In conclusion, Beaver said, “We all have a story to tell. My journey has deepened my faith and I’ve been able to let go of some of the control in my life. I can now walk down this path with empathy for my patients, as a cancer survivor. I can now say, ‘I know. I’ve been there.’ I hope that I can be faithful to use this experience, this platform, to advocate for patients in their fight.”
Beaver told her audience, “I hope you feel strengthened in your dedication to Relay for Life. It really is inspirational to be here, to be part of this event that draws us closer together to support each other. May you be filled with love as you embark upon the 2019 Relay for Life.”

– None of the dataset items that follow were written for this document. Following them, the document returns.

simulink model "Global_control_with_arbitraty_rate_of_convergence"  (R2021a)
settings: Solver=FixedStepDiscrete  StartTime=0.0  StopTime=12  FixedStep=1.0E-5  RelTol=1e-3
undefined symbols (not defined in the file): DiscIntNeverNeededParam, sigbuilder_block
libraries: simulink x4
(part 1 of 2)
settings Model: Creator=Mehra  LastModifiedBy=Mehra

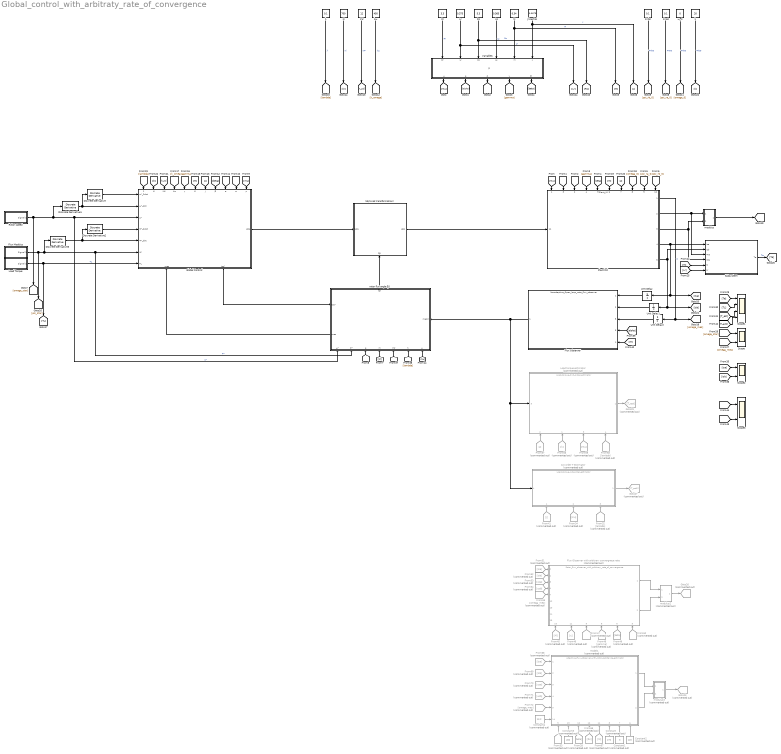
== system Global_control_with_arbitraty_rate_of_convergence ==
  note: β
  (dq to ab transformation) : Subsystem
      settings: PortSchema="{\"entries\":[{\"content\":{\"sides\":[{\"content\":{\"connectorIds\":[\"In1\"]},\"type\":\"ConnectorPlacement.EquallySpacedRectSide\",\"uuid\":\"fcc9e9c0-f3ff-45b3-b4d9-89988d9b9a34\"},{\"content\":{\"connectorIds\":[\"Out1\"],\"side\":\"RIGHT\"},\"type\":\"ConnectorPlacement.EquallySpacedRectSide\",\"uuid\":\"b8117d1c-eda8-48ca-a376-b80f3451eb1b\"},{\"content\":{\"connectorIds\":[],\"side\":\"TOP\"},\"type\":\"ConnectorPlacement.EquallySpacedRectSide\",\"uuid\":\"632a2e27-4ebf-4489-a7a1-4102ed33f7de\"},{\"content\":{\"connectorIds\":[\"In2\"],\"side\":\"BOTTOM\"},\"type\":\"ConnectorPlacement.EquallySpacedRectSide\",\"uuid\":\"b1ed2b98-7899-49a7-98d1-ff7a05505f88\"}]},\"type\":\"ConnectorPlacement.EquallySpacedConnector\",\"uuid\":\"0e689d41-d128-44ad-a484-465e7f7df4f8\"}],\"packageUris\":[\"http://schema.mathworks.com/mf0/Connector/R2020b\"],\"version\":\"1.0\"}"
  1st order T estimator : ModelReference  Commented=on  ModelNameDialog=Load_torque_1st_order_estimator.slx  SimulationMode=Normal  ModelReferenceVersion=1.13
      settings: PortSchema="{\"entries\":[{\"content\":{\"sides\":[{\"content\":{\"connectorIds\":[\"In4\"]},\"type\":\"ConnectorPlacement.EquallySpacedRectSide\",\"uuid\":\"cec251cb-6b4e-4904-a832-c5acce82a070\"},{\"content\":{\"connectorIds\":[\"Out1\"],\"side\":\"RIGHT\"},\"type\":\"ConnectorPlacement.EquallySpacedRectSide\",\"uuid\":\"735376b5-2ddd-4bd3-962c-0ec3161c2740\"},{\"content\":{\"connectorIds\":[],\"side\":\"TOP\"},\"type\":\"ConnectorPlacement.EquallySpacedRectSide\",\"uuid\":\"64a3f3a5-dee8-4d60-ac03-c9c941997ec4\"},{\"content\":{\"connectorIds\":[\"In1\",\"In2\",\"In3\"],\"side\":\"BOTTOM\"},\"type\":\"ConnectorPlacement.EquallySpacedRectSide\",\"uuid\":\"a9b1d046-d6bc-45e1-a3f0-76ce350da922\"}]},\"type\":\"ConnectorPlacement.EquallySpacedConnector\",\"uuid\":\"7512dbd3-06b9-47bd-8f2d-91bb52696950\"}],\"packageUris\":[\"http://schema.mathworks.com/mf0/Connector/R2020b\"],\"version\":\"1.0\"}"
  Constant : Constant  Commented=on  Value=270
  Constant1 : Constant  Commented=on  Value=3
  Constant2 : Constant  Commented=on  Value=120
  Constant3 : Constant  Commented=on  Value=450
  Constant4 : Constant  Commented=on  Value=13.2
  Discrete Derivative{,1..3} (4 alike) : simulink/Discrete/Discrete Derivative  gainval=1.0  ICPrevScaledInput=0.0  OutMin=[]  OutMax=[]  OutDataType=fixdt(1, 16)  OutScaling=2^-10  DoSatur=off
  Flux Modulus : Subsystem  Tag=STV Subsys  LoadFcn=sigbuilder_block('load');  StartFcn=sigbuilder_block('start');  StopFcn=sigbuilder_block('stop');  ClipboardFcn=sigbuilder_block('clipboard');  mask(Sigbuilder block){tuvar=[0:10]}
      mask help: Simulink:masks:SigbuilderBlock_MD
      mask init:
      | if ~strcmp(get_param(bdroot(gcbh),'SimulationStatus'),'stopped') tuvar = sigbuilder_block('maskInit'); end
      settings: CopyFcn=sigbuilder_block('copy');  DeleteFcn=sigbuilder_block('delete');  ModelCloseFcn=sigbuilder_block('modelClose');  PreSaveFcn=sigbuilder_block('preSave');  PauseFcn=sigbuilder_block('pause');  ContinueFcn=sigbuilder_block('continue');  NameChangeFcn=sigbuilder_block('namechange');  OpenFcn=sigbuilder_block('open',[433.8 177.6 550.8 400.2 ]);  CloseFcn=sigbuilder_block('close');
      mask Display: plot(0, 0, 100, 100,[2, 2, 32, 32, 2], [68, 8, 8, 68, 68],[32, 2], [38, 38], [32, 19, 2],[53, 60, 44], [32, 17, 17, 2],[16, 16, 31, 31]);txt = getActiveGroup(gcbh);text(2, 100, txt,'verticalAlignment', 'top');
  Flux Observer : ModelReference  ModelNameDialog=Nonadaptive_Open_loop_rotor_flux_observer  SimulationMode=Normal  ModelReferenceVersion=1.31
      settings: PortSchema="{\"entries\":[{\"content\":{\"sides\":[{\"content\":{\"connectorIds\":[\"In1\",\"In2\",\"In5\",\"In3\",\"In4\"]},\"type\":\"ConnectorPlacement.EquallySpacedRectSide\",\"uuid\":\"57c66cae-f60c-4fa2-8fd5-f5b68222e0bb\"},{\"content\":{\"connectorIds\":[\"Out1\"],\"side\":\"RIGHT\"},\"type\":\"ConnectorPlacement.EquallySpacedRectSide\",\"uuid\":\"591ff962-71a1-4adf-845c-7b897bc73935\"},{\"content\":{\"connectorIds\":[],\"side\":\"TOP\"},\"type\":\"ConnectorPlacement.EquallySpacedRectSide\",\"uuid\":\"d0e2f489-3eb5-488c-a0b4-9296b4be860b\"}]},\"type\":\"ConnectorPlacement.EquallySpacedConnector\",\"uuid\":\"15b17a83-f5fe-4267-a8df-d0f0282de86a\"}],\"packageUris\":[\"http://schema.mathworks.com/mf0/Connector/R2020b\"],\"version\":\"1.0\"}"
  Flux Observer with arbitrary convergnece rate : ModelReference  Commented=on  ModelNameDialog=Rotor_flux_observer_with_arbitrary_rate_of_convergence.slx  SimulationMode=Normal  ModelReferenceVersion=1.75
      settings: PortSchema="{\"entries\":[{\"content\":{\"sides\":[{\"content\":{\"connectorIds\":[\"In2\",\"In1\",\"In3\",\"In4\",\"In7\",\"In12\",\"In13\",\"In14\",\"In15\"]},\"type\":\"ConnectorPlacement.EquallySpacedRectSide\",\"uuid\":\"6eb1a4d5-70fa-40da-a343-d29d4ad88b11\"},{\"content\":{\"connectorIds\":[\"Out1\",\"Out2\"],\"side\":\"RIGHT\"},\"type\":\"ConnectorPlacement.EquallySpacedRectSide\",\"uuid\":\"14a59e0e-3c8f-4c9a-8db3-879e529e9be9\"},{\"content\":{\"connectorIds\":[],\"side\":\"TOP\"},\"type\":\"ConnectorPlacement.EquallySpacedRectSide\",\"uuid\":\"9bfe5fe1-910a-46f9-bc39-26e04b490667\"},{\"content\":{\"connectorIds\":[\"In10\",\"In11\",\"In9\",\"In8\",\"In6\",\"In5\"],\"side\":\"BOTTOM\"},\"type\":\"ConnectorPlacement.EquallySpacedRectSide\",\"uuid\":\"4a64a750-a430-42a9-a809-f353a68eb280\"}]},\"type\":\"ConnectorPlacement.EquallySpacedConnector\",\"uuid\":\"a7353ac2-2c9f-49b4-9477-a017cd4fcd54\"}],\"packageUris\":[\"http://schema.mathworks.com/mf0/Connector/R2020b\"],\"version\":\"1.0\"}"
  From28 : From  Commented=on  GotoTag=beta
  From32 : From  Commented=on  GotoTag=lambda
  From33 : From  Commented=on  GotoTag=sigma
  From34 : From  Commented=on  GotoTag=mu
  From41 : From  Commented=on  GotoTag=J
  From45 : From  Commented=on  GotoTag=M
  From46 : From  Commented=on  GotoTag=c
  From47 : From  Commented=on  GotoTag=sigma
  From48 : From  Commented=on  GotoTag=gamma
  From49 : From  Commented=on  GotoTag=beta
  From50 : From  Commented=on  GotoTag=alpha
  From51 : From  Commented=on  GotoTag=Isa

According to an earlier press release from Appalachian Regional Healthcare System, Beaver, daughter of an orthopedic surgeon, knew at an early age that she wanted to become a physician.
From her early days as a medical missionary — serving in Zambia while still a high school senior, to her college, medical school, residency and working at Mountain Home VA Healthcare System in Johnson City, Tenn., prior to coming to Boone — she never lost sight of what she considers “a calling.”
In recent years, as her colleagues and patients can testify, her desire to serve others has only intensified.
For more than a decade, Dr. Beaver has served as the Cancer Liaison Physician to the American College of Surgeons – Commission on Cancer for Approved Cancer Programs. She also serves on the Breast Center of Excellence Committee, Cancer Committee, Oncology Service Line Committee, Surgical Services Committee, and the Executive Committee of Watauga Medical Center. She was chair of the Surgery Department at Watauga Medical Center 2013-2014. She is also certified in Breast Ultrasound by the American Society of Breast Surgeons.
She is committed to working in unison with oncologists and radiation oncologists to ensure her cancer patients receive a personally designed treatment and follow-up plan.
Remembering and Moving Forward
The kickoff ended with a few moments of reflection during which a large number of former Relay team members and leaders were fondly remembered for their valiant fight against cancer. A glow stick illuminated the darkened room as each name was called as a stark reminder of why the event continues to be necessary.
Bogle, as well, shared a poem called “Candle in the Window,” which has become familiar to many in the Relay for Life circle.
Team captain meetings are scheduled to be held at the Deerfield Church in coming weeks, in preparation for the June 14 Relay for Life, which will be held again at Watauga High School, from 6 p.m. to midnight.